→ WHAT YOU WILL DO:
The lines wanted run from the first one below through the one with "Ki_lon = -k_lon(:,9:10)". Return them exactly.

[Items from a data source]
* * *

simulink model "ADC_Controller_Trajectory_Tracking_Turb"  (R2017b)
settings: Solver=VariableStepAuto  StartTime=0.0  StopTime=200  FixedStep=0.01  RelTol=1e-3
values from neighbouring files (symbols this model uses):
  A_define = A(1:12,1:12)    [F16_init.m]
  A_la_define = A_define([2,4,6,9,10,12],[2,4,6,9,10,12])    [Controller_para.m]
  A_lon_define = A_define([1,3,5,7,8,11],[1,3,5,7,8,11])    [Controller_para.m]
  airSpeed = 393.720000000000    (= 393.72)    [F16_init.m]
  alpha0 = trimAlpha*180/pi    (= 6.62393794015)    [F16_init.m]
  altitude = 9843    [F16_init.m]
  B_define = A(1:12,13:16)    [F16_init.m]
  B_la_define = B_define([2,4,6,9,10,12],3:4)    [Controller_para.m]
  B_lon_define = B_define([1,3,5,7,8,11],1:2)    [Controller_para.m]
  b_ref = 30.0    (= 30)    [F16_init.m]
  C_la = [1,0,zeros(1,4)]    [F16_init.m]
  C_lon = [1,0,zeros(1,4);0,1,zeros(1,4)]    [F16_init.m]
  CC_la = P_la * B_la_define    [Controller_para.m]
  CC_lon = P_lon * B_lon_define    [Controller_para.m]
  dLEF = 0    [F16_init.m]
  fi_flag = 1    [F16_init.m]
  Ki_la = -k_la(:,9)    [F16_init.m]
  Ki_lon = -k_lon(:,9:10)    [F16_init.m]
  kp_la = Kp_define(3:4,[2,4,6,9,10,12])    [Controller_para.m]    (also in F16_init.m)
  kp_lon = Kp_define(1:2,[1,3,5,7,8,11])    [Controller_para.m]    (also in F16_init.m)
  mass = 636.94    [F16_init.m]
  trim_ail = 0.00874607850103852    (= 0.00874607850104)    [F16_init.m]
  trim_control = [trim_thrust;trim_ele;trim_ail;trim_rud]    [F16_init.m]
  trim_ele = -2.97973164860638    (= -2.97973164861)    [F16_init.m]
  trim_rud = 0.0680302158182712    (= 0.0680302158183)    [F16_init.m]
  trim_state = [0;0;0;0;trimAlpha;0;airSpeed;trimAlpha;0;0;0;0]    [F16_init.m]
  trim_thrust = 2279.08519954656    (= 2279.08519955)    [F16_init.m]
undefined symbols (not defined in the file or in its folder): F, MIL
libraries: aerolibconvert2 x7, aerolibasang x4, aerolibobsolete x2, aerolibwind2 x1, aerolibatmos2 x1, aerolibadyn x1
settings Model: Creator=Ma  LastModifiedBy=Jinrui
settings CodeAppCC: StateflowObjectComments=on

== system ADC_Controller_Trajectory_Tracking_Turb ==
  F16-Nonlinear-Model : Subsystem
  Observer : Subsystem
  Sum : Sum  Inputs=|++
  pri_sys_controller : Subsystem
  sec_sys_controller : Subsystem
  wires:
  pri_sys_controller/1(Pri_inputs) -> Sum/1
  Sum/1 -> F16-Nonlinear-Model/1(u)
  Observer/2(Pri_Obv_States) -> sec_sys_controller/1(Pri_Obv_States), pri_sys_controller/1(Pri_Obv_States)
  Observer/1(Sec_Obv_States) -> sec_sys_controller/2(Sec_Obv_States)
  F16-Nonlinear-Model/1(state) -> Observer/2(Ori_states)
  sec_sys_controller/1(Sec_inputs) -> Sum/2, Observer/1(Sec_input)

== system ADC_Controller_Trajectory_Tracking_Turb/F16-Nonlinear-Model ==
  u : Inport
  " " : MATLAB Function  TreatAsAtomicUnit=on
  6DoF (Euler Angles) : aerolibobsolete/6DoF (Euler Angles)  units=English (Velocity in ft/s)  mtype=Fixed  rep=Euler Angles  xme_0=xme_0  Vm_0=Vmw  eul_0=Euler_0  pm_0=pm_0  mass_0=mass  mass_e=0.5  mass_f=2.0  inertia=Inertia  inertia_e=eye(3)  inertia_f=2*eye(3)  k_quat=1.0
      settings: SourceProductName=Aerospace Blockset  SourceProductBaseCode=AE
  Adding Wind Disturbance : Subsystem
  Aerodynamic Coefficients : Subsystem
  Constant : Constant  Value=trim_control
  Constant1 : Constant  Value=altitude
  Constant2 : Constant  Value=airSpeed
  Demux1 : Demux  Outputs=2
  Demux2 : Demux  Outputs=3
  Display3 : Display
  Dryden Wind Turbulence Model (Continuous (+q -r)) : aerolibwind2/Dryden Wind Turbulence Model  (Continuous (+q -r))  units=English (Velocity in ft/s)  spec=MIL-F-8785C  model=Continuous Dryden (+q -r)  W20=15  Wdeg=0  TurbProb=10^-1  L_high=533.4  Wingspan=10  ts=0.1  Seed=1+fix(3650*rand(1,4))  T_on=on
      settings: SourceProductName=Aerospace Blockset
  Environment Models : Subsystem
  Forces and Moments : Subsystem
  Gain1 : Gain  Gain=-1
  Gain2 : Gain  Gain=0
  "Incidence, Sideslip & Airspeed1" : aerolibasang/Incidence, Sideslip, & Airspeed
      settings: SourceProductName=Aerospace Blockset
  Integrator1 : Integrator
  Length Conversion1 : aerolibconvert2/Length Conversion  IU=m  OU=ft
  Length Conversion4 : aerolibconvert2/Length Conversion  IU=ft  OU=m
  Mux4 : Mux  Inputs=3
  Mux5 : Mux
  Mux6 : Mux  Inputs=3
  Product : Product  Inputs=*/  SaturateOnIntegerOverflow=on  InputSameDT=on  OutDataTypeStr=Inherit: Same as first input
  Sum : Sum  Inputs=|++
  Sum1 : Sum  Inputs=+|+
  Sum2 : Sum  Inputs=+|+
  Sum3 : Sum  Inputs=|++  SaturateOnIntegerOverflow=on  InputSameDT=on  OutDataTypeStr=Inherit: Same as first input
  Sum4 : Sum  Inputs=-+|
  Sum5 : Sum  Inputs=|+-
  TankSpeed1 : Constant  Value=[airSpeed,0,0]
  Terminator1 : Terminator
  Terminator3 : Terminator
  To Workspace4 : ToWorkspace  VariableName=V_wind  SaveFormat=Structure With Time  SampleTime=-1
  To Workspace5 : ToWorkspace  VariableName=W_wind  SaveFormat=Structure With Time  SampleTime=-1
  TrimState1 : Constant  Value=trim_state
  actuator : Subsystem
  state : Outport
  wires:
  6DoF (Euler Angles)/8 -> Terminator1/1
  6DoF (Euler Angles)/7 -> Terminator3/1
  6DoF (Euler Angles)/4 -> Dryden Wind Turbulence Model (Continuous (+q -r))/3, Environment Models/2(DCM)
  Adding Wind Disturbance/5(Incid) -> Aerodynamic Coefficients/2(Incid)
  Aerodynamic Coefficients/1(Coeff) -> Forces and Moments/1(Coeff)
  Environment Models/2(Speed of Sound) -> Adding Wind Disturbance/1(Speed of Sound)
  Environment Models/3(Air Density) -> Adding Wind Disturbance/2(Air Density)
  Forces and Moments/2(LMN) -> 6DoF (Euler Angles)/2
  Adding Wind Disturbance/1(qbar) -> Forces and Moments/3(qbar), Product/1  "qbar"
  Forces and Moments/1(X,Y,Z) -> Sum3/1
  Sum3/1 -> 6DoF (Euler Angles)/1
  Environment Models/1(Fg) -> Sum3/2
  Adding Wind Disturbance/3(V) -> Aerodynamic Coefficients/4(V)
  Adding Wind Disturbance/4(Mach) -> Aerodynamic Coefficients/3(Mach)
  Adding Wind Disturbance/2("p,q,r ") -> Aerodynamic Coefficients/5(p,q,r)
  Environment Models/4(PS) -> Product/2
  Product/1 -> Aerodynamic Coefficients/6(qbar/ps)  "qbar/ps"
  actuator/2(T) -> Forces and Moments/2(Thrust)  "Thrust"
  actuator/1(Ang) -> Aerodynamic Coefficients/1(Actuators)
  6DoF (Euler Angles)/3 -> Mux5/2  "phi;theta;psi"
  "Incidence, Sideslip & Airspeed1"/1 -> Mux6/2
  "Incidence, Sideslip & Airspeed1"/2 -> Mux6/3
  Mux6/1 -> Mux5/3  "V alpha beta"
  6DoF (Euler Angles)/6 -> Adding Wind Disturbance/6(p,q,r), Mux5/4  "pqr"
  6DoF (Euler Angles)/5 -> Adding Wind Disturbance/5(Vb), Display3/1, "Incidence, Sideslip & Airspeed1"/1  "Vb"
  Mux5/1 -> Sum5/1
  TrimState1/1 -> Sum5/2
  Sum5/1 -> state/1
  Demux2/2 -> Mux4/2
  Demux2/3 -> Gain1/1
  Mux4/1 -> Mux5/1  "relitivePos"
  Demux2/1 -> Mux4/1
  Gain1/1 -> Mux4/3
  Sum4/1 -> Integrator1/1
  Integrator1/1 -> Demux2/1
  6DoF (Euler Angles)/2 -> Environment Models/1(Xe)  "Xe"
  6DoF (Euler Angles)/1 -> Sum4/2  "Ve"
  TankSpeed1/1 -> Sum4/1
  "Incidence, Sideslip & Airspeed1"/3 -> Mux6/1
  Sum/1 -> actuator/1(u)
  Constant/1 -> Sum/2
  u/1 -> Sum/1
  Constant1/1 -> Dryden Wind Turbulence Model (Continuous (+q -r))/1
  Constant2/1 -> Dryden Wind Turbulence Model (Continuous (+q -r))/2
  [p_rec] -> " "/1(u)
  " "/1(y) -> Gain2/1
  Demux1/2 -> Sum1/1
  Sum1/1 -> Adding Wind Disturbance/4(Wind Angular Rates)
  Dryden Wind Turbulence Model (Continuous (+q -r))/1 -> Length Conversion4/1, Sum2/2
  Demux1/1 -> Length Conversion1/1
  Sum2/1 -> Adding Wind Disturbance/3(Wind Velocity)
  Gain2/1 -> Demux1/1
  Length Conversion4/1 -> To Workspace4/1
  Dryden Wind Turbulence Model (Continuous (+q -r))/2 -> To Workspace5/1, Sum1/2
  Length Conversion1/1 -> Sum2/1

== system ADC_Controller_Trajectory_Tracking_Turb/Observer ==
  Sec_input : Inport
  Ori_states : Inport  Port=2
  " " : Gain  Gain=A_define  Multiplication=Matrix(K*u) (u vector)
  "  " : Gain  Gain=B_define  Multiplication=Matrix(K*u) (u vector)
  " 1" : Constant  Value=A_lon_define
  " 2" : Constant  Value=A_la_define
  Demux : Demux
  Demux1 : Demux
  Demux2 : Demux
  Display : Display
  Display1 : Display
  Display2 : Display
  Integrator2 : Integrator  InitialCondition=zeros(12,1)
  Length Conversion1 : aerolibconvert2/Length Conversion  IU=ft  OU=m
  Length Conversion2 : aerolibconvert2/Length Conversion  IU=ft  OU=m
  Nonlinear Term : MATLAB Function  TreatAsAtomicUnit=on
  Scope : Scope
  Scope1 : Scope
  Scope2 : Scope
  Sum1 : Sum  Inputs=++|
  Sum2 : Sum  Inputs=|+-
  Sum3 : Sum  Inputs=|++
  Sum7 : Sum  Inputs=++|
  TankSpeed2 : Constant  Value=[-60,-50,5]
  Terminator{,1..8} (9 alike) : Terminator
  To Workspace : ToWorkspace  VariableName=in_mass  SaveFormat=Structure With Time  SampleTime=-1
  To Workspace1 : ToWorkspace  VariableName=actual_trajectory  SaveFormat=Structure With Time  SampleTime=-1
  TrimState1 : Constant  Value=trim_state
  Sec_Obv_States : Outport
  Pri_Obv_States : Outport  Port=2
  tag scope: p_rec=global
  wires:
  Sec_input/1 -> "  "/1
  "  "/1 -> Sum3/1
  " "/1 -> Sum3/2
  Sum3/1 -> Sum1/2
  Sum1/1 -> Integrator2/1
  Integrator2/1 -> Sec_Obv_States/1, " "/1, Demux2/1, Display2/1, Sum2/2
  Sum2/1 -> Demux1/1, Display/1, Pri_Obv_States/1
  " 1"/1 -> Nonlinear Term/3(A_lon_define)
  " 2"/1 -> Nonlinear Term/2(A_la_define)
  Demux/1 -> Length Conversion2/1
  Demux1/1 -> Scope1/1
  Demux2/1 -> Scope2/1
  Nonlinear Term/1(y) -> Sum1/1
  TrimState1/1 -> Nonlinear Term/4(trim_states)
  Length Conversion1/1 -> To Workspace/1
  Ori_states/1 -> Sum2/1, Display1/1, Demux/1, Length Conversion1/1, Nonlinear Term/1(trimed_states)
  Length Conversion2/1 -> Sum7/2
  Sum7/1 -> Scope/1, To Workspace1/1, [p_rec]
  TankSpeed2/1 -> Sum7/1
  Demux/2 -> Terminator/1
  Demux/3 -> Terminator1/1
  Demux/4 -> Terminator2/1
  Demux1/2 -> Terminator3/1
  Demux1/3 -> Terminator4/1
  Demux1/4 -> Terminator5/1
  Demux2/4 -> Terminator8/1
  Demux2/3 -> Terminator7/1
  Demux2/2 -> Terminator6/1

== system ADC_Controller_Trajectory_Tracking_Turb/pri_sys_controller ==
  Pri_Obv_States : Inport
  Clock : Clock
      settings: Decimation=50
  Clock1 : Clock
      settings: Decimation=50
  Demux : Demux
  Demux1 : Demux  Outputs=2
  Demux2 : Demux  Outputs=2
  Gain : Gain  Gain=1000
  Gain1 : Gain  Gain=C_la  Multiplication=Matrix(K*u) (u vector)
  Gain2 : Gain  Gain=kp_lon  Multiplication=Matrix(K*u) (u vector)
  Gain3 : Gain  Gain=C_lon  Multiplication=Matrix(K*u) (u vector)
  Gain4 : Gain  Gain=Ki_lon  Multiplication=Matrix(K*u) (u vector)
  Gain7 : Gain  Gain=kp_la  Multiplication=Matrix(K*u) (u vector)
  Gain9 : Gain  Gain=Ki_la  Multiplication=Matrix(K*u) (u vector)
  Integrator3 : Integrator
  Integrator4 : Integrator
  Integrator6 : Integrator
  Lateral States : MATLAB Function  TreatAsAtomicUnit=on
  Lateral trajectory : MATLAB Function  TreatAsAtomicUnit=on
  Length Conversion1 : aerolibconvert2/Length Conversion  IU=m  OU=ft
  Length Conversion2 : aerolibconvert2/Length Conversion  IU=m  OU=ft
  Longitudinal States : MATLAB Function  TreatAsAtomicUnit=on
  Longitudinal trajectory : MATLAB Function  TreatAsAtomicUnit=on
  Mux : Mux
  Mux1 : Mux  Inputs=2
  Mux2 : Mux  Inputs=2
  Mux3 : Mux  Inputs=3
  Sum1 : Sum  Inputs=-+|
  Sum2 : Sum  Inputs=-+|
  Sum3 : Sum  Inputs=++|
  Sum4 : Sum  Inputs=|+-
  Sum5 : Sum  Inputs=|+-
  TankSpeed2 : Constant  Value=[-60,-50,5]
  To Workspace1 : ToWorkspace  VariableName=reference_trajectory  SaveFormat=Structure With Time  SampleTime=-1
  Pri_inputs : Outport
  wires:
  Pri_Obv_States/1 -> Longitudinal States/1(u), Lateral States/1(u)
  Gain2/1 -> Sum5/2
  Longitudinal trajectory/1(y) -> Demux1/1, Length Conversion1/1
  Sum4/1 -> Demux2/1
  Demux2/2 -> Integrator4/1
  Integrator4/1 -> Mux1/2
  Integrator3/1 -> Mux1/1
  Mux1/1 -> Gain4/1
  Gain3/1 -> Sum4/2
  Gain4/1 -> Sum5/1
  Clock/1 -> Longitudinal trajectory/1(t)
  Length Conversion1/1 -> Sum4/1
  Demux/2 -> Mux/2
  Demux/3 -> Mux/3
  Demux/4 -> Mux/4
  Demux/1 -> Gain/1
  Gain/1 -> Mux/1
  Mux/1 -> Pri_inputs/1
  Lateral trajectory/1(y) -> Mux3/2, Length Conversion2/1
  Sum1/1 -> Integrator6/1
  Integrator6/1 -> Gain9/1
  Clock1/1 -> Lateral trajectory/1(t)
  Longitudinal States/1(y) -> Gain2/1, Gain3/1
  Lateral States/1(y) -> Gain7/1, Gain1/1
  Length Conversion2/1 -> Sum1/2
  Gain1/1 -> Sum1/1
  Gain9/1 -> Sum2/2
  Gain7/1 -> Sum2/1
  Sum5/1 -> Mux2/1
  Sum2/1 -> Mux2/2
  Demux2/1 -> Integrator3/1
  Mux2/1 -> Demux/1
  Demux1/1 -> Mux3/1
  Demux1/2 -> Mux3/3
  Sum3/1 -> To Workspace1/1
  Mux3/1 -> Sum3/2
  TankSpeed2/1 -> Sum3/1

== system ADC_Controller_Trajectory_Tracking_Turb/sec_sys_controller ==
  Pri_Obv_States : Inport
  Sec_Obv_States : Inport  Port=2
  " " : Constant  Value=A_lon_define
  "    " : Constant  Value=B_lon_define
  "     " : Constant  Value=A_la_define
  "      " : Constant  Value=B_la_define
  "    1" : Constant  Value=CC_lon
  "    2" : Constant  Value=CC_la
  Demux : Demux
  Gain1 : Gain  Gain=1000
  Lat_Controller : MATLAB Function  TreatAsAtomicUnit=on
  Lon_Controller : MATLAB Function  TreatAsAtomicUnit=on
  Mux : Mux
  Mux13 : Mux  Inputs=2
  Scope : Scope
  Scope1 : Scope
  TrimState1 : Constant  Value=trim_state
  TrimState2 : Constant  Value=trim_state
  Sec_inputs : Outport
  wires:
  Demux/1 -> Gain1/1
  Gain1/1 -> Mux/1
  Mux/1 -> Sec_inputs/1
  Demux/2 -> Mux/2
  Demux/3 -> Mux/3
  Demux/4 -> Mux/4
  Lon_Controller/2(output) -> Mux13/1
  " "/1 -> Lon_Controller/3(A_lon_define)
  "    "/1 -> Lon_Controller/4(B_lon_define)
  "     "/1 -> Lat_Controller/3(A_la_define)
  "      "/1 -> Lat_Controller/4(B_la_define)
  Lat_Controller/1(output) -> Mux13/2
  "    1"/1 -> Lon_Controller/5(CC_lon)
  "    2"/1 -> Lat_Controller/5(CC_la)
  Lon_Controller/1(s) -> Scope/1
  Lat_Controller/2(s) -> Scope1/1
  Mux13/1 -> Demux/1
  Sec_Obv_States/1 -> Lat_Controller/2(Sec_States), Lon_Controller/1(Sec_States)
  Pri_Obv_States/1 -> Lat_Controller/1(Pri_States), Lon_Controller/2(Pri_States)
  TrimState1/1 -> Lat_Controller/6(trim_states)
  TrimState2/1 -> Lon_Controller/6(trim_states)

* * *

→ ANSWER FOR THIS EXERCISE:
simulink model "ADC_Controller_Trajectory_Tracking_Turb"  (R2017b)
settings: Solver=VariableStepAuto  StartTime=0.0  StopTime=200  FixedStep=0.01  RelTol=1e-3
values from neighbouring files (symbols this model uses):
  A_define = A(1:12,1:12)    [F16_init.m]
  A_la_define = A_define([2,4,6,9,10,12],[2,4,6,9,10,12])    [Controller_para.m]
  A_lon_define = A_define([1,3,5,7,8,11],[1,3,5,7,8,11])    [Controller_para.m]
  airSpeed = 393.720000000000    (= 393.72)    [F16_init.m]
  alpha0 = trimAlpha*180/pi    (= 6.62393794015)    [F16_init.m]
  altitude = 9843    [F16_init.m]
  B_define = A(1:12,13:16)    [F16_init.m]
  B_la_define = B_define([2,4,6,9,10,12],3:4)    [Controller_para.m]
  B_lon_define = B_define([1,3,5,7,8,11],1:2)    [Controller_para.m]
  b_ref = 30.0    (= 30)    [F16_init.m]
  C_la = [1,0,zeros(1,4)]    [F16_init.m]
  C_lon = [1,0,zeros(1,4);0,1,zeros(1,4)]    [F16_init.m]
  CC_la = P_la * B_la_define    [Controller_para.m]
  CC_lon = P_lon * B_lon_define    [Controller_para.m]
  dLEF = 0    [F16_init.m]
  fi_flag = 1    [F16_init.m]
  Ki_la = -k_la(:,9)    [F16_init.m]
  Ki_lon = -k_lon(:,9:10)    [F16_init.m]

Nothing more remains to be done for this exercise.